# Problems and solutions using nss_ldap

## RAPHEAD

Hi,

I've basically a similar setup like described in this nice howto:

http://gentoo-wiki.com/HOWTO_LDAP_SAMBA_PDC

but I have encountered two problems of which one is not completely resolved yet:

1.) If you use the nsswitch.conf settings as described in the howto, you will encounter the problem described here: https://bugs.gentoo.org/show_bug.cgi?id=99564

This can be resolved by using a ~x86 udev version -- currently I'm using 087.

2.) Unfortunately I only get to the point when the slapd service is starting up and then the system hangs again.

I have identified it as a chicken egg problem when starting slapd in the default runlevel.

If slapd starts on system boot, it hangs for quite a while and will even never start if you do not have defined timeouts in /etc/ldap.conf

In /var/log/messages the corresponding logs read:

```

Oct 30 02:01:06 slapd[5585]: nss_ldap: failed to bind to LDAP server ldap://127.0.0.1: Can't contact LDAP server

Oct 30 02:01:06 slapd[5585]: nss_ldap: failed to bind to LDAP server ldap://127.0.0.1: Can't contact LDAP server

Oct 30 02:01:06 slapd[5585]: nss_ldap: reconnecting to LDAP server (sleeping 4 seconds)...

Oct 30 02:01:10 slapd[5585]: nss_ldap: failed to bind to LDAP server ldap://127.0.0.1: Can't contact LDAP server

...

```

I guess linux tries to find out something about the user "ldap" but it can't because the ldap backend is just starting.

However, the user ldap IS defined in /etc/shadow and my /etc/nsswitch.conf is:

```

passwd:      files ldap

shadow:      files ldap

group:        files ldap

...

```

I think it should not be neccesary to ask the ldap backend about the user ldap as it can be found in the "files" backend but obviously this is not the way how linux interprets this file.
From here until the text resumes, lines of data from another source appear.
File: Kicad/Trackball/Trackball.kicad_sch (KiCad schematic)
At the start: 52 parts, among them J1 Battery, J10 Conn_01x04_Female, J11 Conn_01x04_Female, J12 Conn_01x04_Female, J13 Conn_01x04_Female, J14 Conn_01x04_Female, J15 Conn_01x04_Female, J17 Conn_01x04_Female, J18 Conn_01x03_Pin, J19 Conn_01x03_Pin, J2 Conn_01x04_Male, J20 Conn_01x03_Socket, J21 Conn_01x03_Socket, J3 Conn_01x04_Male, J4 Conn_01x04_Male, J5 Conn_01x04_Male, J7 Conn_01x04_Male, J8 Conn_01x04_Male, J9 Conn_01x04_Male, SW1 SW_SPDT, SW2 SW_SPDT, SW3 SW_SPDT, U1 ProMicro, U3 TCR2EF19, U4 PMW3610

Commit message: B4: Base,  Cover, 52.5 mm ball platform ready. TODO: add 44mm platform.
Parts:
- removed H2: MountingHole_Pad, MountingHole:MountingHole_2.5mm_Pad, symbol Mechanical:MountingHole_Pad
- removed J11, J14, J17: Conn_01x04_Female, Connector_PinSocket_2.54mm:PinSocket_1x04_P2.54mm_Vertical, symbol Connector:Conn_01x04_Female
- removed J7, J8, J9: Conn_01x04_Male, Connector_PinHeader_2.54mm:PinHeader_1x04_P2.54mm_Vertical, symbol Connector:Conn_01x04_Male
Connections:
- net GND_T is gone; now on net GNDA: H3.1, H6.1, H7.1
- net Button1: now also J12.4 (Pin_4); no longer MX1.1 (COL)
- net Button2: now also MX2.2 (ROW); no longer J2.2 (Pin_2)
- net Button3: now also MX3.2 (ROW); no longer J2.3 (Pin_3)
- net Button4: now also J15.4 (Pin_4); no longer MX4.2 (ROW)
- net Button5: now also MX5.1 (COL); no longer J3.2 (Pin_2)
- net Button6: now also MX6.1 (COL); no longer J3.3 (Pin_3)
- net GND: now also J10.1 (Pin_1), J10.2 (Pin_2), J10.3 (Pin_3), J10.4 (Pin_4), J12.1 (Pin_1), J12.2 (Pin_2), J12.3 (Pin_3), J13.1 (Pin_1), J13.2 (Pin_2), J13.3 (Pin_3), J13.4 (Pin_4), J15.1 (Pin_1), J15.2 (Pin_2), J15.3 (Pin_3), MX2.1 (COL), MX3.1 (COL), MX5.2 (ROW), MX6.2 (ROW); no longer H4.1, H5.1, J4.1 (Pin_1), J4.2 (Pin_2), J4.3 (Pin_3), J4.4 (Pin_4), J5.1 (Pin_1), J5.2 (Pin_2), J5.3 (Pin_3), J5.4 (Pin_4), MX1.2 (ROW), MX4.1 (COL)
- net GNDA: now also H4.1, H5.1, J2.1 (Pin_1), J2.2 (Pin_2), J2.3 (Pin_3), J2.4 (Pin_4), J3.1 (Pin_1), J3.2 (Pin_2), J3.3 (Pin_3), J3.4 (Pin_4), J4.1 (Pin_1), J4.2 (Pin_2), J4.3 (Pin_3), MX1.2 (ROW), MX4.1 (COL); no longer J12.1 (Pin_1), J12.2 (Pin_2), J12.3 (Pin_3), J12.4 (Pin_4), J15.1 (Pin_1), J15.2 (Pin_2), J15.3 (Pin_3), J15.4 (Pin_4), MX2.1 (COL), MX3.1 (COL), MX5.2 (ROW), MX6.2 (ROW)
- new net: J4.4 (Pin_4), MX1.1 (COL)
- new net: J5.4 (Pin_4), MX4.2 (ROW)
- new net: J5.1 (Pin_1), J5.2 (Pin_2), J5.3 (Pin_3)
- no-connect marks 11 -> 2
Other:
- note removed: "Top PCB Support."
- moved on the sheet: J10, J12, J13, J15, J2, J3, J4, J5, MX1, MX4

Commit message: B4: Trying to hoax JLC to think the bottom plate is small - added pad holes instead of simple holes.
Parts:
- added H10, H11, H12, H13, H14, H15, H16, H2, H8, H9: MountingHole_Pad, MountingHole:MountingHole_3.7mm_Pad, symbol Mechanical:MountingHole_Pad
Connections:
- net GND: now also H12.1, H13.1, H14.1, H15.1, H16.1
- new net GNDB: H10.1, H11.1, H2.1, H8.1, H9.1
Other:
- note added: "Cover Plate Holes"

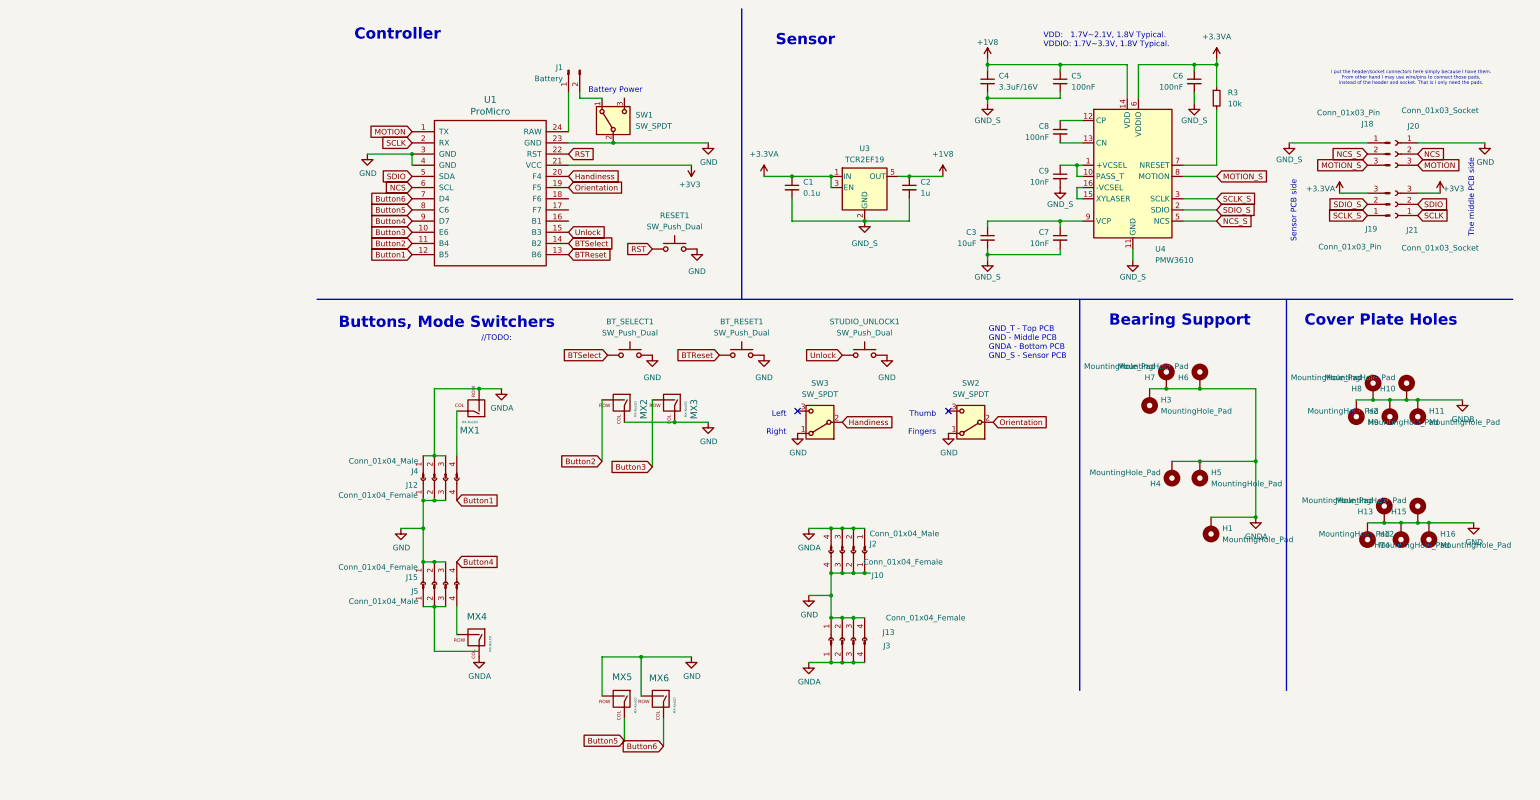
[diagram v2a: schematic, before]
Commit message: B4: Corrected the PCBs, added two more keys. TODO: add 55mm top deck.
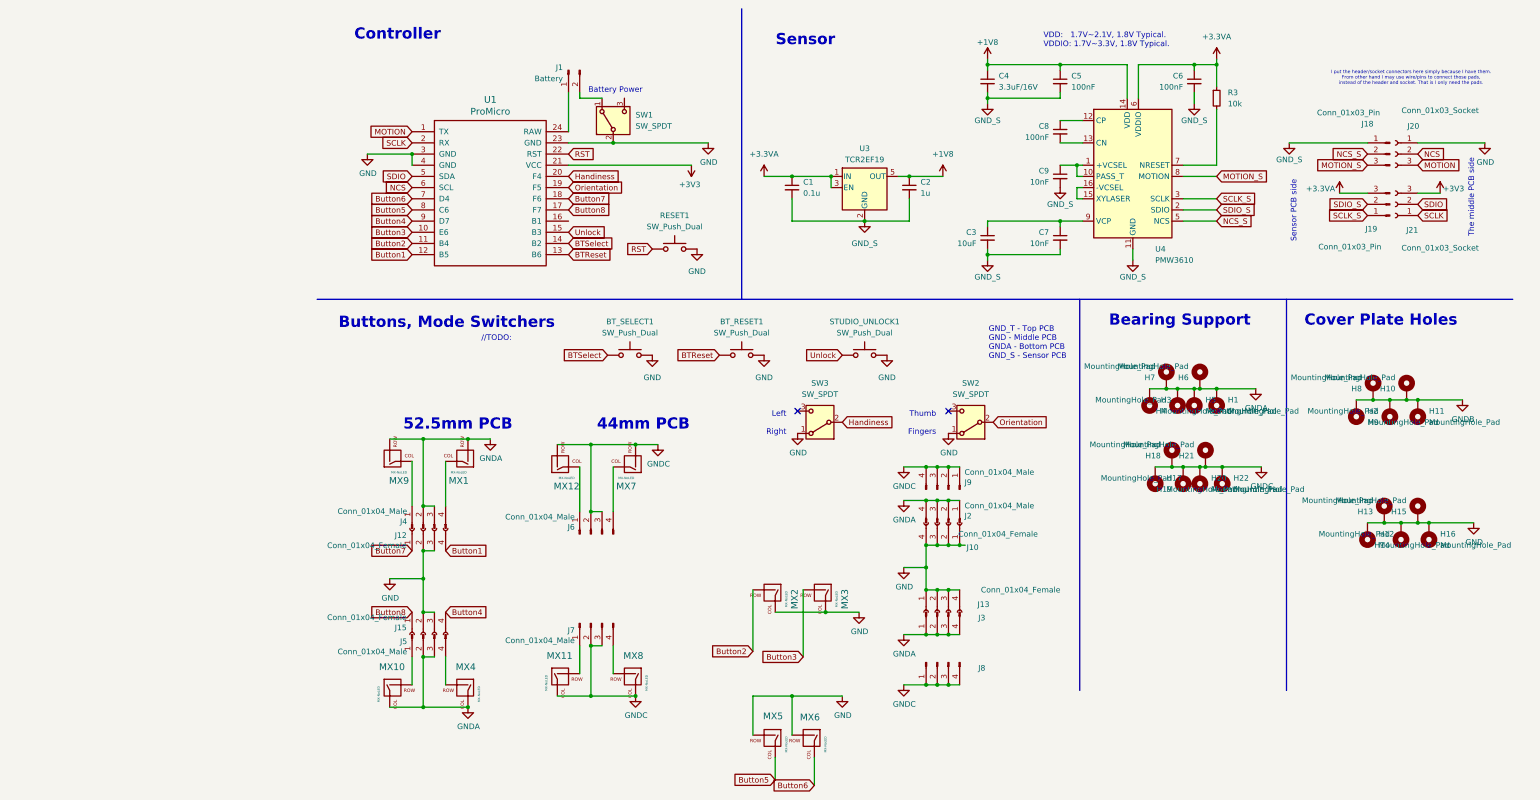
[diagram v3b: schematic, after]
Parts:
- added H17, H18, H19, H20, H21, H22: MountingHole_Pad, MountingHole:MountingHole_2.5mm_Pad, symbol Mechanical:MountingHole_Pad
- added J6, J7, J8, J9: Conn_01x04_Male, Connector_PinHeader_2.54mm:PinHeader_1x04_P2.54mm_Vertical, symbol Connector:Conn_01x04_Male
- added MX10, MX11, MX12, MX7, MX8, MX9: MX-NoLED, keyswitches.pretty-master:Kailh_socket_PG1350, symbol MX_Alps_Hybrid:MX-NoLED
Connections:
- net GND: no longer J12.1 (Pin_1), J15.1 (Pin_1)
- net GNDA: now also J5.2 (Pin_2), J5.3 (Pin_3), MX10.1 (COL), MX9.2 (ROW); no longer J4.1 (Pin_1)
- net Button8: now reaches U1.17 (F7)
- net Button8: now also J15.1 (Pin_1)
- net Button7: now reaches U1.18 (F6)
- net Button7: now also J12.1 (Pin_1)
- new net: J5.1 (Pin_1), MX10.2 (ROW)
- new net: J4.1 (Pin_1), MX9.1 (COL)
- new net: J7.4 (Pin_4), MX8.2 (ROW)
- new net: J7.1 (Pin_1), MX11.2 (ROW)
- new net: J6.1 (Pin_1), MX12.1 (COL)
- new net: J6.4 (Pin_4), MX7.1 (COL)
- new net GNDC: H17.1, H18.1, H19.1, H20.1, H21.1, H22.1, J6.2 (Pin_2), J6.3 (Pin_3), J7.2 (Pin_2), J7.3 (Pin_3), J8.1 (Pin_1), J8.2 (Pin_2), J8.3 (Pin_3), J8.4 (Pin_4), J9.1 (Pin_1), J9.2 (Pin_2), J9.3 (Pin_3), J9.4 (Pin_4), MX11.1 (COL), MX12.2 (ROW), MX7.2 (ROW), MX8.1 (COL)
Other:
- note added: "44mm PCB"
- note added: "52.5mm PCB"
- moved on the sheet: H1, H4, H5, J10, J12, J13, J15, J2, J3, J4, J5, MX1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

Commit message: B4: Added 55mm top PCB, moved the buttons  around, reduced the overall outline. TODO: lay out the wiring.
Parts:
- added H23, H24, H25, H26: MountingHole_Pad, MountingHole:MountingHole_2.5mm_Pad, symbol Mechanical:MountingHole_Pad
- added J11, J16, J17, J22, J23, J24, J25: Conn_01x04_Male, Connector_PinHeader_2.54mm:PinHeader_1x04_P2.54mm_Vertical, symbol Connector:Conn_01x04_Male
- added J14: Conn_01x04_Female, Connector_PinSocket_2.54mm:PinSocket_1x04_P2.54mm_Vertical, symbol Connector:Conn_01x04_Female
- added MX13, MX14, MX15, MX16, MX17, MX18, MX19, MX20: MX-NoLED, keyswitches.pretty-master:Kailh_socket_PG1350, symbol MX_Alps_Hybrid:MX-NoLED
- H10, H15: footprint MountingHole:MountingHole_3.7mm_Pad -> MountingHole:MountingHole_2.5mm_Pad
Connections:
- net Button3: now also J12.3 (Pin_3); no longer MX3.2 (ROW)
- net Button5: now also MX5.2 (ROW); no longer MX5.1 (COL)
- net Button6: now also J15.3 (Pin_3); no longer MX6.1 (COL)
- net GND: now also MX5.1 (COL), J14.1 (Pin_1), J14.2 (Pin_2), J14.3 (Pin_3), J14.4 (Pin_4); no longer H15.1, J12.3 (Pin_3), J15.3 (Pin_3), MX3.1 (COL), MX5.2 (ROW), MX6.2 (ROW)
- net GNDA: now also MX3.2 (ROW), MX6.1 (COL), J16.1 (Pin_1), J16.2 (Pin_2), J16.3 (Pin_3), J16.4 (Pin_4); no longer J4.3 (Pin_3), J5.3 (Pin_3)
- net GNDB: no longer H10.1
- net GNDC: now also J11.1 (Pin_1), J11.2 (Pin_2), J11.3 (Pin_3), J11.4 (Pin_4), MX13.1 (COL), MX14.2 (ROW); no longer J6.3 (Pin_3), J7.3 (Pin_3)
- new net: J4.3 (Pin_3), MX3.1 (COL)
- new net: J5.3 (Pin_3), MX6.2 (ROW)
- new net: J23.1 (Pin_1), MX16.2 (ROW)
- new net: J23.3 (Pin_3), MX18.2 (ROW)
- new net: J23.4 (Pin_4), MX20.2 (ROW)
- new net: J22.3 (Pin_3), MX17.1 (COL)
- new net: J7.3 (Pin_3), MX13.2 (ROW)
- new net: J22.4 (Pin_4), MX19.1 (COL)
- new net: J6.3 (Pin_3), MX14.1 (COL)
- new net: J22.1 (Pin_1), MX15.1 (COL)
- new net GNDE: H10.1, H15.1, H23.1, H24.1, H25.1, H26.1, J17.1 (Pin_1), J17.2 (Pin_2), J17.3 (Pin_3), J17.4 (Pin_4), J22.2 (Pin_2), J23.2 (Pin_2), J24.1 (Pin_1), J24.2 (Pin_2), J24.3 (Pin_3), J24.4 (Pin_4), J25.1 (Pin_1), J25.2 (Pin_2), J25.3 (Pin_3), J25.4 (Pin_4), MX15.2 (ROW), MX16.1 (COL), MX17.2 (ROW), MX18.1 (COL), MX19.2 (ROW), MX20.1 (COL)
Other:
- note added: "55mm PCB"
- note added: "GND - Middle PCB GNDA - 52.5mm Top PCB GNDB - Bottom Cover GNDC - 44mm Top PCB GNDE - 55 mm Top PCb GND_S - Sensor PCB"
- note removed: "GND_T - Top PCB GND - Middle PCB GNDA - Bottom PCB GND_S - Sensor PCB"
- moved on the sheet: J10, J13, J2, J3, J6, J7, J8, J9, MX1, MX11, MX12, MX2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

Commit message: B4: Flipped n!n to the back side, facing up - to the  board.
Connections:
- net GND: now also SW3.3 (C); no longer SW3.1 (A)
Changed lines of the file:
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@@
 	(text "44mm PCB"
 		(exclude_from_sim no)
-		(at 109.728 105.918 0)
+		(at 87.122 105.664 0)
 		(effects
 			(font
@@
 	)
 	(no_connect
-		(at 121.92 102.87)
+		(at 121.92 107.95)
 	)
 	(wire
@@
 	(symbol
 		(lib_id "power:GND")
-		(at 121.92 107.95 0)
+		(at 121.92 102.87 0)
 		(unit 1)
 		(exclude_from_sim no)
@@
 		(dnp no)
 		(property "Reference" "#PWR028"
-			(at 121.92 114.3 0)
+			(at 121.92 109.22 0)
 			(effects
 				(font
@@
 		)
 		(property "Value" "GND"
-			(at 122.047 112.3442 0)
+			(at 120.142 101.854 0)
 			(effects
 				(font
@@
 		)
 		(property "Footprint" ""
-			(at 121.92 107.95 0)
+			(at 121.92 102.87 0)
 			(effects
 				(font
@@
 		)
 		(property "Datasheet" ""
-			(at 121.92 107.95 0)
+			(at 121.92 102.87 0)
 			(effects
 				(font
@@
 		)
 		(property "Description" ""
-			(at 121.92 107.95 0)
+			(at 121.92 102.87 0)
 			(effects
 				(font

The same problem is discussed here:

http://lists.freebsd.org/pipermail/freebsd-stable/2006-July/026916.html

Any ideas how this can be fixed? I think switching nsswitch.conf while booting is not a nice solution.

----------

## dambacher

Yes, chicken-egg

slapd wants to start and somehow switch users/grops, thereby accessing nss_ldap wich wants to call slapd.

So we need a chicken: /etc/passwd /etc/group

add this to your  /etc/ldap.conf

```

nss_initgroups_ignoreusers root,ldap

```

It helped for me.

----------

## RAPHEAD

Hi dambacher,

great, it worked!

----------

## RAPHEAD

I have some unresolved follow-up problems/questions which I want to state in the following:

1.) How can I create new users which can log on to my LDAP server? I have googled for this question but I could not come up with a sufficient answer. I don't want to use my rootdn for all purposes. From my POV it should be possible to bind to slapd with any existing user in the tree but how does slapd know how to interpret those entries?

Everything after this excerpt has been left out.